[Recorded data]
────

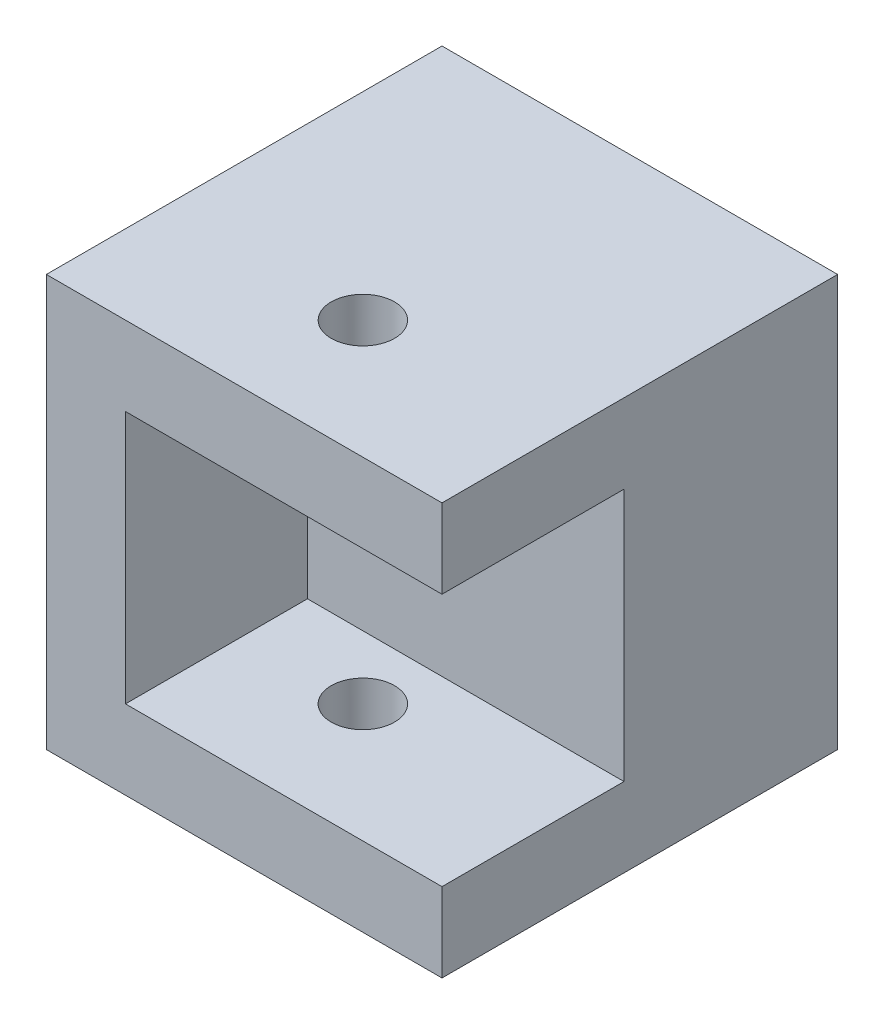
ISO-10303-21;
HEADER;
FILE_DESCRIPTION(('STEP AP214'),'2;1');
FILE_NAME('part.step','',(''),(''),'','','');
FILE_SCHEMA(('AUTOMOTIVE_DESIGN { 1 0 10303 214 1 1 1 1 }'));
ENDSEC;
DATA;
#1=APPLICATION_CONTEXT('core data for automotive mechanical design processes');
#2=APPLICATION_PROTOCOL_DEFINITION('international standard','automotive_design',2000,#1);
#3=PRODUCT_CONTEXT('',#1,'mechanical');
#4=PRODUCT('Part','Part','',(#3));
#5=PRODUCT_RELATED_PRODUCT_CATEGORY('part','',(#4));
#6=PRODUCT_DEFINITION_FORMATION('','',#4);
#7=PRODUCT_DEFINITION_CONTEXT('part definition',#1,'design');
#8=PRODUCT_DEFINITION('design','',#6,#7);
#9=PRODUCT_DEFINITION_SHAPE('','',#8);
#10=(LENGTH_UNIT() NAMED_UNIT(*) SI_UNIT(.MILLI.,.METRE.));
#11=(NAMED_UNIT(*) PLANE_ANGLE_UNIT() SI_UNIT($,.RADIAN.));
#12=(NAMED_UNIT(*) SI_UNIT($,.STERADIAN.) SOLID_ANGLE_UNIT());
#13=UNCERTAINTY_MEASURE_WITH_UNIT(LENGTH_MEASURE(1.E-05),#10,'distance_accuracy_value','');
#14=(GEOMETRIC_REPRESENTATION_CONTEXT(3) GLOBAL_UNCERTAINTY_ASSIGNED_CONTEXT((#13)) GLOBAL_UNIT_ASSIGNED_CONTEXT((#10,
#11,#12)) REPRESENTATION_CONTEXT('',''));
#15=CARTESIAN_POINT('',(0.,0.,0.));
#16=DIRECTION('',(0.,0.,1.));
#17=DIRECTION('',(1.,0.,0.));
#18=AXIS2_PLACEMENT_3D('',#15,#16,#17);
#19=CARTESIAN_POINT('',(7.70034407151723,28.7604472929724,21.5));
#20=DIRECTION('',(0.,-1.,0.));
#21=DIRECTION('',(1.,0.,0.));
#22=AXIS2_PLACEMENT_3D('',#19,#20,#21);
#23=CYLINDRICAL_SURFACE('',#22,2.);
#24=CARTESIAN_POINT('',(7.70034407151723,19.7604472929724,21.5));
#25=DIRECTION('',(0.,-1.,0.));
#26=DIRECTION('',(0.,0.,-1.));
#27=AXIS2_PLACEMENT_3D('',#24,#25,#26);
#28=CIRCLE('',#27,2.);
#29=CARTESIAN_POINT('',(7.70034407151723,19.7604472929724,19.5));
#30=VERTEX_POINT('',#29);
#31=EDGE_CURVE('E208',#30,#30,#28,.T.);
#32=ORIENTED_EDGE('',*,*,#31,.F.);
#33=EDGE_LOOP('',(#32));
#34=FACE_BOUND('',#33,.T.);
#35=CARTESIAN_POINT('',(7.70034407151723,14.7604472929724,21.5));
#36=DIRECTION('',(0.,-1.,0.));
#37=DIRECTION('',(1.,0.,0.));
#38=AXIS2_PLACEMENT_3D('',#35,#36,#37);
#39=CIRCLE('',#38,2.);
#40=CARTESIAN_POINT('',(9.70034407151723,14.7604472929724,21.5));
#41=VERTEX_POINT('',#40);
#42=EDGE_CURVE('E140',#41,#41,#39,.F.);
#43=ORIENTED_EDGE('',*,*,#42,.F.);
#44=EDGE_LOOP('',(#43));
#45=FACE_BOUND('',#44,.T.);
#46=ADVANCED_FACE('F44',(#34,#45),#23,.F.);
#47=CARTESIAN_POINT('',(-4.79965592848278,19.7604472929724,25.));
#48=DIRECTION('',(0.,-1.,0.));
#49=DIRECTION('',(0.,0.,-1.));
#50=AXIS2_PLACEMENT_3D('',#47,#48,#49);
#51=PLANE('',#50);
#52=ORIENTED_EDGE('',*,*,#31,.T.);
#53=EDGE_LOOP('',(#52));
#54=FACE_BOUND('',#53,.T.);
#55=DIRECTION('',(1.,0.,0.));
#56=VECTOR('',#55,1.);
#57=CARTESIAN_POINT('',(-31.1055488044146,19.7604472929724,3.99999999999998));
#58=LINE('',#57,#56);
#59=CARTESIAN_POINT('',(-4.79965592848278,19.7604472929724,3.99999999999998));
#60=VERTEX_POINT('',#59);
#61=CARTESIAN_POINT('',(20.2003440715172,19.7604472929724,3.99999999999998));
#62=VERTEX_POINT('',#61);
#63=EDGE_CURVE('E201',#60,#62,#58,.T.);
#64=ORIENTED_EDGE('',*,*,#63,.F.);
#65=DIRECTION('',(0.,0.,-1.));
#66=VECTOR('',#65,1.);
#67=CARTESIAN_POINT('',(-4.79965592848278,19.7604472929724,25.));
#68=LINE('',#67,#66);
#69=CARTESIAN_POINT('',(-4.79965592848278,19.7604472929724,29.));
#70=VERTEX_POINT('',#69);
#71=EDGE_CURVE('E13',#70,#60,#68,.T.);
#72=ORIENTED_EDGE('',*,*,#71,.F.);
#73=DIRECTION('',(-1.,0.,0.));
#74=VECTOR('',#73,1.);
#75=CARTESIAN_POINT('',(15.2003440715172,19.7604472929724,29.));
#76=LINE('',#75,#74);
#77=CARTESIAN_POINT('',(20.2003440715172,19.7604472929724,29.));
#78=VERTEX_POINT('',#77);
#79=EDGE_CURVE('E121',#78,#70,#76,.T.);
#80=ORIENTED_EDGE('',*,*,#79,.F.);
#81=DIRECTION('',(0.,0.,1.));
#82=VECTOR('',#81,1.);
#83=CARTESIAN_POINT('',(20.2003440715172,19.7604472929724,3.99999999999998));
#84=LINE('',#83,#82);
#85=EDGE_CURVE('E182',#62,#78,#84,.T.);
#86=ORIENTED_EDGE('',*,*,#85,.F.);
#87=EDGE_LOOP('',(#64,#72,#80,#86));
#88=FACE_BOUND('',#87,.T.);
#89=ADVANCED_FACE('F46',(#54,#88),#51,.F.);
#90=CARTESIAN_POINT('',(-4.79965592848278,-6.23955270702758,25.));
#91=DIRECTION('',(1.,0.,0.));
#92=DIRECTION('',(0.,1.,0.));
#93=AXIS2_PLACEMENT_3D('',#90,#91,#92);
#94=PLANE('',#93);
#95=DIRECTION('',(0.,-1.,0.));
#96=VECTOR('',#95,1.);
#97=CARTESIAN_POINT('',(-4.79965592848278,0.,4.));
#98=LINE('',#97,#96);
#99=CARTESIAN_POINT('',(-4.79965592848278,-6.2395527070276,3.99999999999998));
#100=VERTEX_POINT('',#99);
#101=EDGE_CURVE('E198',#60,#100,#98,.T.);
#102=ORIENTED_EDGE('',*,*,#101,.T.);
#103=DIRECTION('',(0.,0.,-1.));
#104=VECTOR('',#103,1.);
#105=CARTESIAN_POINT('',(-4.79965592848278,-6.23955270702758,25.));
#106=LINE('',#105,#104);
#107=CARTESIAN_POINT('',(-4.79965592848278,-6.23955270702758,29.));
#108=VERTEX_POINT('',#107);
#109=EDGE_CURVE('E52',#108,#100,#106,.T.);
#110=ORIENTED_EDGE('',*,*,#109,.F.);
#111=DIRECTION('',(0.,-1.,0.));
#112=VECTOR('',#111,1.);
#113=CARTESIAN_POINT('',(-4.79965592848278,19.7604472929724,29.));
#114=LINE('',#113,#112);
#115=EDGE_CURVE('E193',#70,#108,#114,.T.);
#116=ORIENTED_EDGE('',*,*,#115,.F.);
#117=ORIENTED_EDGE('',*,*,#71,.T.);
#118=EDGE_LOOP('',(#102,#110,#116,#117));
#119=FACE_BOUND('',#118,.T.);
#120=ADVANCED_FACE('F217',(#119),#94,.F.);
#121=CARTESIAN_POINT('',(-4.79965592848278,-6.23955270702758,25.));
#122=DIRECTION('',(0.,1.,0.));
#123=DIRECTION('',(0.,0.,1.));
#124=AXIS2_PLACEMENT_3D('',#121,#122,#123);
#125=PLANE('',#124);
#126=CARTESIAN_POINT('',(7.70034407151723,-6.23955270702758,21.5));
#127=DIRECTION('',(0.,1.,0.));
#128=DIRECTION('',(0.,0.,1.));
#129=AXIS2_PLACEMENT_3D('',#126,#127,#128);
#130=CIRCLE('',#129,2.);
#131=CARTESIAN_POINT('',(7.70034407151723,-6.23955270702758,23.5));
#132=VERTEX_POINT('',#131);
#133=EDGE_CURVE('E122',#132,#132,#130,.T.);
#134=ORIENTED_EDGE('',*,*,#133,.T.);
#135=EDGE_LOOP('',(#134));
#136=FACE_BOUND('',#135,.T.);
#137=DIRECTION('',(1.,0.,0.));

────

Only one stretch of the records above is wanted: the lines between the one holding "#4=PRODUCT('Part','Part','',(#3));" and the one holding "#31=EDGE_CURVE('E208',#30,#30,#28,.T.);", inclusive, reproduced exactly.

#4=PRODUCT('Part','Part','',(#3));
#5=PRODUCT_RELATED_PRODUCT_CATEGORY('part','',(#4));
#6=PRODUCT_DEFINITION_FORMATION('','',#4);
#7=PRODUCT_DEFINITION_CONTEXT('part definition',#1,'design');
#8=PRODUCT_DEFINITION('design','',#6,#7);
#9=PRODUCT_DEFINITION_SHAPE('','',#8);
#10=(LENGTH_UNIT() NAMED_UNIT(*) SI_UNIT(.MILLI.,.METRE.));
#11=(NAMED_UNIT(*) PLANE_ANGLE_UNIT() SI_UNIT($,.RADIAN.));
#12=(NAMED_UNIT(*) SI_UNIT($,.STERADIAN.) SOLID_ANGLE_UNIT());
#13=UNCERTAINTY_MEASURE_WITH_UNIT(LENGTH_MEASURE(1.E-05),#10,'distance_accuracy_value','');
#14=(GEOMETRIC_REPRESENTATION_CONTEXT(3) GLOBAL_UNCERTAINTY_ASSIGNED_CONTEXT((#13)) GLOBAL_UNIT_ASSIGNED_CONTEXT((#10,
#11,#12)) REPRESENTATION_CONTEXT('',''));
#15=CARTESIAN_POINT('',(0.,0.,0.));
#16=DIRECTION('',(0.,0.,1.));
#17=DIRECTION('',(1.,0.,0.));
#18=AXIS2_PLACEMENT_3D('',#15,#16,#17);
#19=CARTESIAN_POINT('',(7.70034407151723,28.7604472929724,21.5));
#20=DIRECTION('',(0.,-1.,0.));
#21=DIRECTION('',(1.,0.,0.));
#22=AXIS2_PLACEMENT_3D('',#19,#20,#21);
#23=CYLINDRICAL_SURFACE('',#22,2.);
#24=CARTESIAN_POINT('',(7.70034407151723,19.7604472929724,21.5));
#25=DIRECTION('',(0.,-1.,0.));
#26=DIRECTION('',(0.,0.,-1.));
#27=AXIS2_PLACEMENT_3D('',#24,#25,#26);
#28=CIRCLE('',#27,2.);
#29=CARTESIAN_POINT('',(7.70034407151723,19.7604472929724,19.5));
#30=VERTEX_POINT('',#29);
#31=EDGE_CURVE('E208',#30,#30,#28,.T.);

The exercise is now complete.